● ASSIGNMENT
Please copy exactly the lines from the first in the records through the line that contains "#4=PRODUCT('Part','Part','',(#3));", but not the pictures.

□ □ □ □ □ □ □

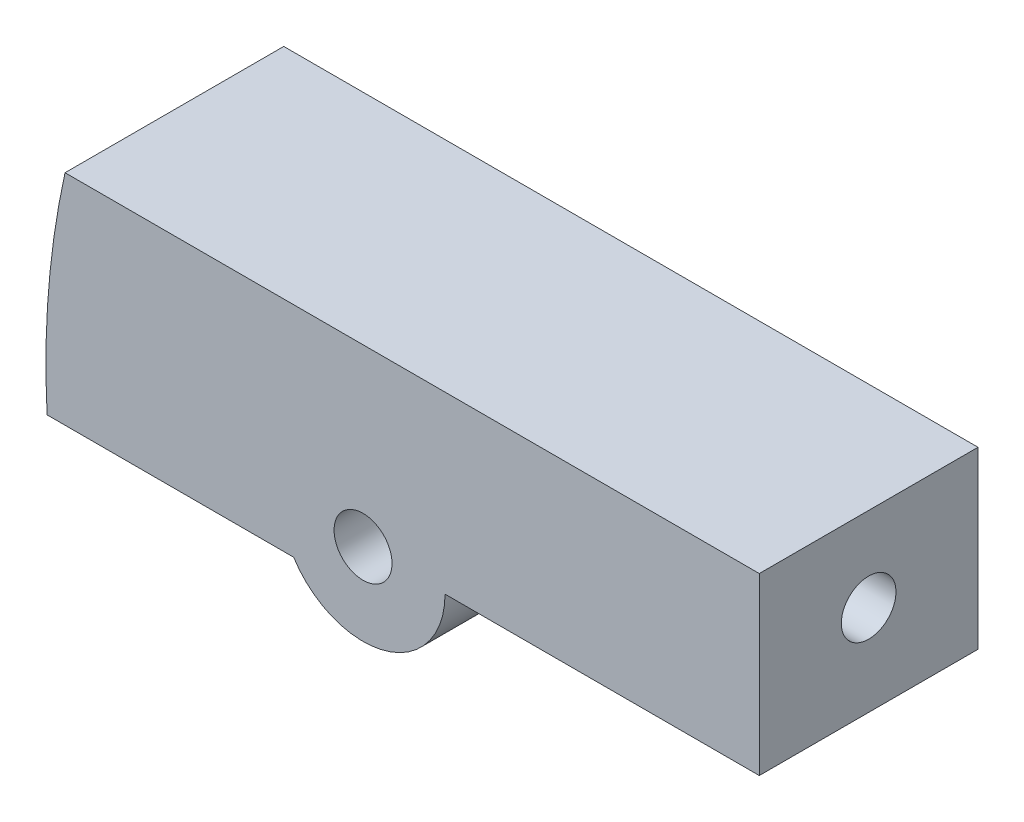
ISO-10303-21;
HEADER;
FILE_DESCRIPTION(('STEP AP214'),'2;1');
FILE_NAME('part.step','',(''),(''),'','','');
FILE_SCHEMA(('AUTOMOTIVE_DESIGN { 1 0 10303 214 1 1 1 1 }'));
ENDSEC;
DATA;
#1=APPLICATION_CONTEXT('core data for automotive mechanical design processes');
#2=APPLICATION_PROTOCOL_DEFINITION('international standard','automotive_design',2000,#1);
#3=PRODUCT_CONTEXT('',#1,'mechanical');
#4=PRODUCT('Part','Part','',(#3));
#5=PRODUCT_RELATED_PRODUCT_CATEGORY('part','',(#4));
#6=PRODUCT_DEFINITION_FORMATION('','',#4);
#7=PRODUCT_DEFINITION_CONTEXT('part definition',#1,'design');
#8=PRODUCT_DEFINITION('design','',#6,#7);
#9=PRODUCT_DEFINITION_SHAPE('','',#8);
#10=(LENGTH_UNIT() NAMED_UNIT(*) SI_UNIT(.MILLI.,.METRE.));
#11=(NAMED_UNIT(*) PLANE_ANGLE_UNIT() SI_UNIT($,.RADIAN.));
#12=(NAMED_UNIT(*) SI_UNIT($,.STERADIAN.) SOLID_ANGLE_UNIT());
#13=UNCERTAINTY_MEASURE_WITH_UNIT(LENGTH_MEASURE(1.E-05),#10,'distance_accuracy_value','');
#14=(GEOMETRIC_REPRESENTATION_CONTEXT(3) GLOBAL_UNCERTAINTY_ASSIGNED_CONTEXT((#13)) GLOBAL_UNIT_ASSIGNED_CONTEXT((#10,
#11,#12)) REPRESENTATION_CONTEXT('',''));
#15=CARTESIAN_POINT('',(0.,0.,0.));
#16=DIRECTION('',(0.,0.,1.));
#17=DIRECTION('',(1.,0.,0.));
#18=AXIS2_PLACEMENT_3D('',#15,#16,#17);
#19=CARTESIAN_POINT('',(0.,-4.00000000000001,10.));
#20=DIRECTION('',(0.,1.,0.));
#21=DIRECTION('',(0.,0.,1.));
#22=AXIS2_PLACEMENT_3D('',#19,#20,#21);
#23=PLANE('',#22);
#24=DIRECTION('',(0.,0.,-1.));
#25=VECTOR('',#24,1.);
#26=CARTESIAN_POINT('',(-73.8918128076447,-4.00000000000001,10.));
#27=LINE('',#26,#25);
#28=CARTESIAN_POINT('',(-73.8918128076447,-4.00000000000001,-10.));
#29=VERTEX_POINT('',#28);
#30=CARTESIAN_POINT('',(-73.8918128076447,-4.00000000000001,10.));
#31=VERTEX_POINT('',#30);
#32=EDGE_CURVE('E161',#29,#31,#27,.F.);
#33=ORIENTED_EDGE('',*,*,#32,.F.);
#34=DIRECTION('',(1.,0.,0.));
#35=VECTOR('',#34,1.);
#36=CARTESIAN_POINT('',(0.,-4.00000000000001,-10.));
#37=LINE('',#36,#35);
#38=CARTESIAN_POINT('',(-51.3442887702248,-4.00000000000001,-10.));
#39=VERTEX_POINT('',#38);
#40=EDGE_CURVE('E119',#29,#39,#37,.T.);
#41=ORIENTED_EDGE('',*,*,#40,.T.);
#42=DIRECTION('',(0.,0.,-1.));
#43=VECTOR('',#42,1.);
#44=CARTESIAN_POINT('',(-51.3442887702248,-4.00000000000001,10.));
#45=LINE('',#44,#43);
#46=CARTESIAN_POINT('',(-51.3442887702248,-4.00000000000001,10.));
#47=VERTEX_POINT('',#46);
#48=EDGE_CURVE('E11',#47,#39,#45,.T.);
#49=ORIENTED_EDGE('',*,*,#48,.F.);
#50=DIRECTION('',(1.,0.,0.));
#51=VECTOR('',#50,1.);
#52=CARTESIAN_POINT('',(0.,-4.00000000000001,10.));
#53=LINE('',#52,#51);
#54=EDGE_CURVE('E131',#31,#47,#53,.T.);
#55=ORIENTED_EDGE('',*,*,#54,.F.);
#56=EDGE_LOOP('',(#33,#41,#49,#55));
#57=FACE_BOUND('',#56,.T.);
#58=ADVANCED_FACE('F38',(#57),#23,.F.);
#59=CARTESIAN_POINT('',(0.,16.,10.));
#60=DIRECTION('',(0.,-1.,0.));
#61=DIRECTION('',(0.,0.,-1.));
#62=AXIS2_PLACEMENT_3D('',#59,#60,#61);
#63=PLANE('',#62);
#64=DIRECTION('',(-1.,0.,0.));
#65=VECTOR('',#64,1.);
#66=CARTESIAN_POINT('',(0.,16.,10.));
#67=LINE('',#66,#65);
#68=CARTESIAN_POINT('',(-8.7639577987509,16.,10.));
#69=VERTEX_POINT('',#68);
#70=CARTESIAN_POINT('',(-72.2495674727538,16.,10.));
#71=VERTEX_POINT('',#70);
#72=EDGE_CURVE('E104',#69,#71,#67,.T.);
#73=ORIENTED_EDGE('',*,*,#72,.F.);
#74=DIRECTION('',(0.,0.,-1.));
#75=VECTOR('',#74,1.);
#76=CARTESIAN_POINT('',(-8.7639577987509,16.,10.));
#77=LINE('',#76,#75);
#78=CARTESIAN_POINT('',(-8.7639577987509,16.,-10.));
#79=VERTEX_POINT('',#78);
#80=EDGE_CURVE('E91',#69,#79,#77,.T.);
#81=ORIENTED_EDGE('',*,*,#80,.T.);
#82=DIRECTION('',(-1.,0.,0.));
#83=VECTOR('',#82,1.);
#84=CARTESIAN_POINT('',(0.,16.,-10.));
#85=LINE('',#84,#83);
#86=CARTESIAN_POINT('',(-72.2495674727538,16.,-10.));
#87=VERTEX_POINT('',#86);
#88=EDGE_CURVE('E62',#79,#87,#85,.T.);
#89=ORIENTED_EDGE('',*,*,#88,.T.);
#90=DIRECTION('',(0.,0.,-1.));
#91=VECTOR('',#90,1.);
#92=CARTESIAN_POINT('',(-72.2495674727538,16.,10.));
#93=LINE('',#92,#91);
#94=EDGE_CURVE('E110',#71,#87,#93,.T.);
#95=ORIENTED_EDGE('',*,*,#94,.F.);
#96=EDGE_LOOP('',(#73,#81,#89,#95));
#97=FACE_BOUND('',#96,.T.);
#98=ADVANCED_FACE('F109',(#97),#63,.F.);
#99=CARTESIAN_POINT('',(0.,0.,10.));
#100=DIRECTION('',(0.,0.,1.));
#101=DIRECTION('',(1.,0.,0.));
#102=AXIS2_PLACEMENT_3D('',#99,#100,#101);
#103=PLANE('',#102);
#104=DIRECTION('',(0.,1.,0.));
#105=VECTOR('',#104,1.);
#106=CARTESIAN_POINT('',(-8.7639577987509,0.,10.));
#107=LINE('',#106,#105);
#108=CARTESIAN_POINT('',(-8.7639577987509,0.,10.));
#109=VERTEX_POINT('',#108);
#110=EDGE_CURVE('E54',#109,#69,#107,.T.);
#111=ORIENTED_EDGE('',*,*,#110,.T.);
#112=ORIENTED_EDGE('',*,*,#72,.T.);
#113=CARTESIAN_POINT('',(0.,0.,10.));
#114=DIRECTION('',(0.,0.,-1.));
#115=DIRECTION('',(-1.,0.,0.));
#116=AXIS2_PLACEMENT_3D('',#113,#114,#115);
#117=CIRCLE('',#116,74.);
#118=EDGE_CURVE('E140',#31,#71,#117,.T.);
#119=ORIENTED_EDGE('',*,*,#118,.F.);
#120=ORIENTED_EDGE('',*,*,#54,.T.);
#121=CARTESIAN_POINT('',(-45.,0.,10.));
#122=DIRECTION('',(0.,0.,1.));
#123=DIRECTION('',(1.,0.,0.));
#124=AXIS2_PLACEMENT_3D('',#121,#122,#123);
#125=CIRCLE('',#124,7.5);
#126=CARTESIAN_POINT('',(-37.5,0.,10.));
#127=VERTEX_POINT('',#126);
#128=EDGE_CURVE('E115',#47,#127,#125,.T.);
#129=ORIENTED_EDGE('',*,*,#128,.T.);
#130=DIRECTION('',(1.,0.,0.));
#131=VECTOR('',#130,1.);
#132=CARTESIAN_POINT('',(0.,0.,10.));
#133=LINE('',#132,#131);
#134=EDGE_CURVE('E107',#127,#109,#133,.T.);
#135=ORIENTED_EDGE('',*,*,#134,.T.);
#136=EDGE_LOOP('',(#111,#112,#119,#120,#129,#135));
#137=FACE_BOUND('',#136,.T.);
#138=CARTESIAN_POINT('',(-45.,0.,10.));
#139=DIRECTION('',(0.,0.,1.));
#140=DIRECTION('',(1.,0.,0.));
#141=AXIS2_PLACEMENT_3D('',#138,#139,#140);
#142=CIRCLE('',#141,2.65);
#143=CARTESIAN_POINT('',(-42.35,0.,10.));
#144=VERTEX_POINT('',#143);
#145=EDGE_CURVE('E111',#144,#144,#142,.T.);
#146=ORIENTED_EDGE('',*,*,#145,.F.);
#147=EDGE_LOOP('',(#146));
#148=FACE_BOUND('',#147,.T.);
#149=ADVANCED_FACE('F101',(#137,#148),#103,.T.);
#150=CARTESIAN_POINT('',(0.,0.,-10.));
#151=DIRECTION('',(0.,0.,1.));
#152=DIRECTION('',(1.,0.,0.));
#153=AXIS2_PLACEMENT_3D('',#150,#151,#152);
#154=PLANE('',#153);
#155=CARTESIAN_POINT('',(-45.,0.,-10.));
#156=DIRECTION('',(0.,0.,1.));
#157=DIRECTION('',(1.,0.,0.));
#158=AXIS2_PLACEMENT_3D('',#155,#156,#157);
#159=CIRCLE('',#158,2.65);
#160=CARTESIAN_POINT('',(-42.35,0.,-10.));
#161=VERTEX_POINT('',#160);
#162=EDGE_CURVE('E128',#161,#161,#159,.T.);
#163=ORIENTED_EDGE('',*,*,#162,.T.);
#164=EDGE_LOOP('',(#163));
#165=FACE_BOUND('',#164,.T.);
#166=ORIENTED_EDGE('',*,*,#88,.F.);
#167=DIRECTION('',(0.,1.,0.));
#168=VECTOR('',#167,1.);
#169=CARTESIAN_POINT('',(-8.7639577987509,0.,-10.));
#170=LINE('',#169,#168);
#171=CARTESIAN_POINT('',(-8.7639577987509,0.,-10.));
#172=VERTEX_POINT('',#171);
#173=EDGE_CURVE('E95',#172,#79,#170,.T.);
#174=ORIENTED_EDGE('',*,*,#173,.F.);
#175=DIRECTION('',(1.,0.,0.));
#176=VECTOR('',#175,1.);
#177=CARTESIAN_POINT('',(0.,0.,-10.));
#178=LINE('',#177,#176);
#179=CARTESIAN_POINT('',(-37.5,0.,-10.));
#180=VERTEX_POINT('',#179);
#181=EDGE_CURVE('E124',#180,#172,#178,.T.);
#182=ORIENTED_EDGE('',*,*,#181,.F.);
#183=CARTESIAN_POINT('',(-45.,0.,-10.));
#184=DIRECTION('',(0.,0.,1.));
#185=DIRECTION('',(1.,0.,0.));
#186=AXIS2_PLACEMENT_3D('',#183,#184,#185);
#187=CIRCLE('',#186,7.5);
#188=EDGE_CURVE('E121',#39,#180,#187,.T.);
#189=ORIENTED_EDGE('',*,*,#188,.F.);
#190=ORIENTED_EDGE('',*,*,#40,.F.);
#191=CARTESIAN_POINT('',(0.,0.,-10.));
#192=DIRECTION('',(0.,0.,-1.));
#193=DIRECTION('',(-1.,0.,0.));
#194=AXIS2_PLACEMENT_3D('',#191,#192,#193);
#195=CIRCLE('',#194,74.);
#196=EDGE_CURVE('E171',#29,#87,#195,.T.);
#197=ORIENTED_EDGE('',*,*,#196,.T.);
#198=EDGE_LOOP('',(#166,#174,#182,#189,#190,#197));
#199=FACE_BOUND('',#198,.T.);
#200=ADVANCED_FACE('F170',(#165,#199),#154,.F.);
#201=CARTESIAN_POINT('',(-70.2436043793756,8.3,0.));
#202=DIRECTION('',(-1.,0.,0.));
#203=DIRECTION('',(0.,0.,1.));
#204=AXIS2_PLACEMENT_3D('',#201,#202,#203);
#205=CONICAL_SURFACE('',#204,5.,0.463647609000806);
#206=CARTESIAN_POINT('',(-70.2436043793756,8.3,0.));
#207=DIRECTION('',(-1.,0.,0.));
#208=DIRECTION('',(0.,0.,1.));
#209=AXIS2_PLACEMENT_3D('',#206,#207,#208);
#210=CIRCLE('',#209,5.);
#211=CARTESIAN_POINT('',(-70.2436043793756,8.3,5.));
#212=VERTEX_POINT('',#211);
#213=EDGE_CURVE('E166',#212,#212,#210,.T.);
#214=ORIENTED_EDGE('',*,*,#213,.F.);
#215=EDGE_LOOP('',(#214));
#216=FACE_BOUND('',#215,.T.);
#217=CARTESIAN_POINT('',(-73.9208250030032,3.42222856590751,-4.79311329172754));
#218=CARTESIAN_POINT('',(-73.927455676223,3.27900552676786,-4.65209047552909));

□ □ □ □ □ □ □

● YOUR SOLUTION
ISO-10303-21;
HEADER;
FILE_DESCRIPTION(('STEP AP214'),'2;1');
FILE_NAME('part.step','',(''),(''),'','','');
FILE_SCHEMA(('AUTOMOTIVE_DESIGN { 1 0 10303 214 1 1 1 1 }'));
ENDSEC;
DATA;
#1=APPLICATION_CONTEXT('core data for automotive mechanical design processes');
#2=APPLICATION_PROTOCOL_DEFINITION('international standard','automotive_design',2000,#1);
#3=PRODUCT_CONTEXT('',#1,'mechanical');
#4=PRODUCT('Part','Part','',(#3));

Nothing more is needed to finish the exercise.